Uśmiechnięta wyszłam z mieszkania. Zamknęłam je na klucz. Zaczęłam się włóczyć po mieście. Liczyłam, że spotkam Deak'a... Nie było inaczej! Zauważyłam rudego chłopaka, który miał opaskę na prawym oku. Byłam zaskoczona, że tak szybko poszło. Postanowiłam go śledzić, rozmawiał z kimś przez telefon. Mogłam stwierdzić, że tym ktosiem jest kobieta. Czyżby sobie kogoś znalazł? Nie to niemożliwe! Nikt by nie chciał takiego idioty jak on! Wszedł do budynku, chwilę stałam przed tym miejscem. Miałam już jego zapach, a więc znajdę jego apartament. Postanowiłam już ruszyć za jego zapachem. Znalazłam się przed jakimś drzwami. Przyłożyłam głowę i uszkami "manewrowałam" tak by cokolwiek usłyszeć. Tak trafiłam, to mieszkanie braciszka! Zapukałam do apartamentu. W drzwiach pokzał się rudzielec. Zdziwił się gdy mnie zobaczył. Zapamiętał mnie czy może nie wymazali mu wspomnień ze mną? Wtargnęłam do jego mieszkania. Uśmiechnęłam się i zaczęłam się rozglądać. Weszłam do kuchni. Deak'uś do mnie przyszedł.
-Amane, proszę cię wyjdź, sa-powiedział.
-Zostało ci to "sa"?-zapytałam ignorując jego prośbę.-Jak tam oczko?

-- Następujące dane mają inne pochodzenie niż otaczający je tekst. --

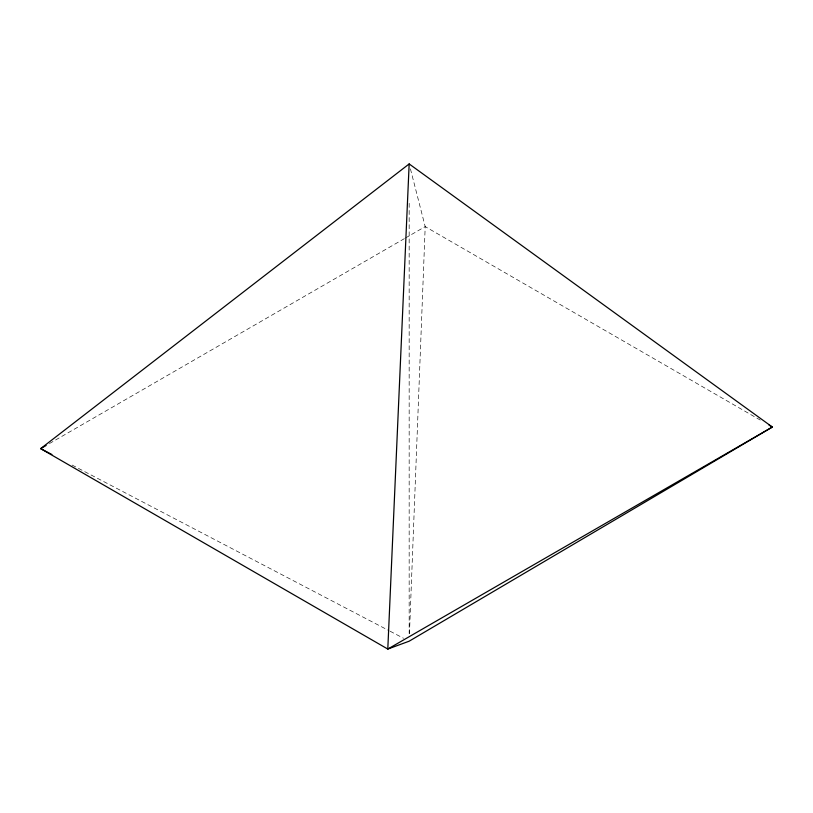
<?xml version="1.0" encoding="UTF-8"?>
<svg xmlns="http://www.w3.org/2000/svg" width="813" height="813" viewBox="0 0 813 813"><rect width="100%" height="100%" fill="white"/><g stroke="black" fill="none" stroke-linecap="round" stroke-linejoin="round"><path stroke-width="0.61" stroke-dasharray="4.07 3.05" d="M409.457 633.591L425.199 226.614L410.423 168.86M49.441 443.552L404.325 238.666M405.423 238.026L425.199 226.614L760.267 420.057M72.113 465.066L388.939 630.624M390.067 631.213L403.543 638.256M409.163 203.321L409.163 633.591"/><path stroke-width="1.22" d="M409.163 163.941L387.801 649.059L409.163 641.193L772.35 427.038L409.163 163.941L40.65 448.634L387.801 649.059L772.35 427.038L769.057 425.138M46.148 445.463L40.65 448.634L51.89 454.497"/></g></svg>

Wzruszył ramionami, naprawdę chciał żebym sobie poszła. Nie musi mnie kochać, nie musi mnie lubić, ale musi w końcu żałować za to co mi zrobił! Jakie to uczucie mieć drugie oko? Deak stał w wejściu do jego kuchni. Prosił abym wyszła. Wolałabym zostać i poznać dziewczynę o imieniu Akina! Ach, ale nie mogę mu tego powiedzieć! To trudne. W końcu zdecydował się użyć siły. Podszedł do mnie... nawet się nie domyślił, że na to czekam! Rzuciłam się na niego, przygwoździłam go do ziemi. Zaśmiałam się, zamieniłam rączki w mięciutkie, ale zakończone ostrymi pazurami łapki koteczka. Przejechałam kończyną po opasce brata szczerząc zęby. W jego oczach widać było lekki strach, ale również zdenerwowanie. Nie... To niemożliwe! Deak się zmienił! Powinien teraz spojrzeć mi prosto w oczko tym swoim obojętnym wzrokiem. Powoli zaczynam się bać tego miejsca. To ja miałam go zniszczyć! Głupie ludzie w białych kitlach mnie wyprzedzili! Jeszcze utrudniali mi z nim kontakt! Tak nie może być! W takim razie sprowadzę prawdziwego Deak'uśa. Zadrapałam go. Po jego prawym policzku spłynęła mała stróżka krwi. Była to płytka rana, a więc nie musi jej nawet opatrywać. Nagle ktoś pociągnął za klamkę. Schowałam się za szafką, odczarowałam przy okazji łapki. Kiedy brat wstał, do apartamentu weszła dziewczyna, niewiele wyższa ode mnie. Miała ciemno różowe oczy i włosy związane w dwie kitki. Wyglądała tak uroczo! Deak się do niej uśmiechnął. Eee? Braciszek jednak ma kobitkę? Szkoda mi jej, jednakże mogłaby mi trochę opowiedzieć o Deak'usiu, już nie jest taki jak kiedyś... Trzeba udawać idealną siostrzyczkę i słodką dziewczynkę! Wybiegłam z kuchni i rzuciłam się z przytulasem na nią. Była zaskoczona, nie spodziewałam się czegoś innego. Zaczęłam merdać ogonkiem.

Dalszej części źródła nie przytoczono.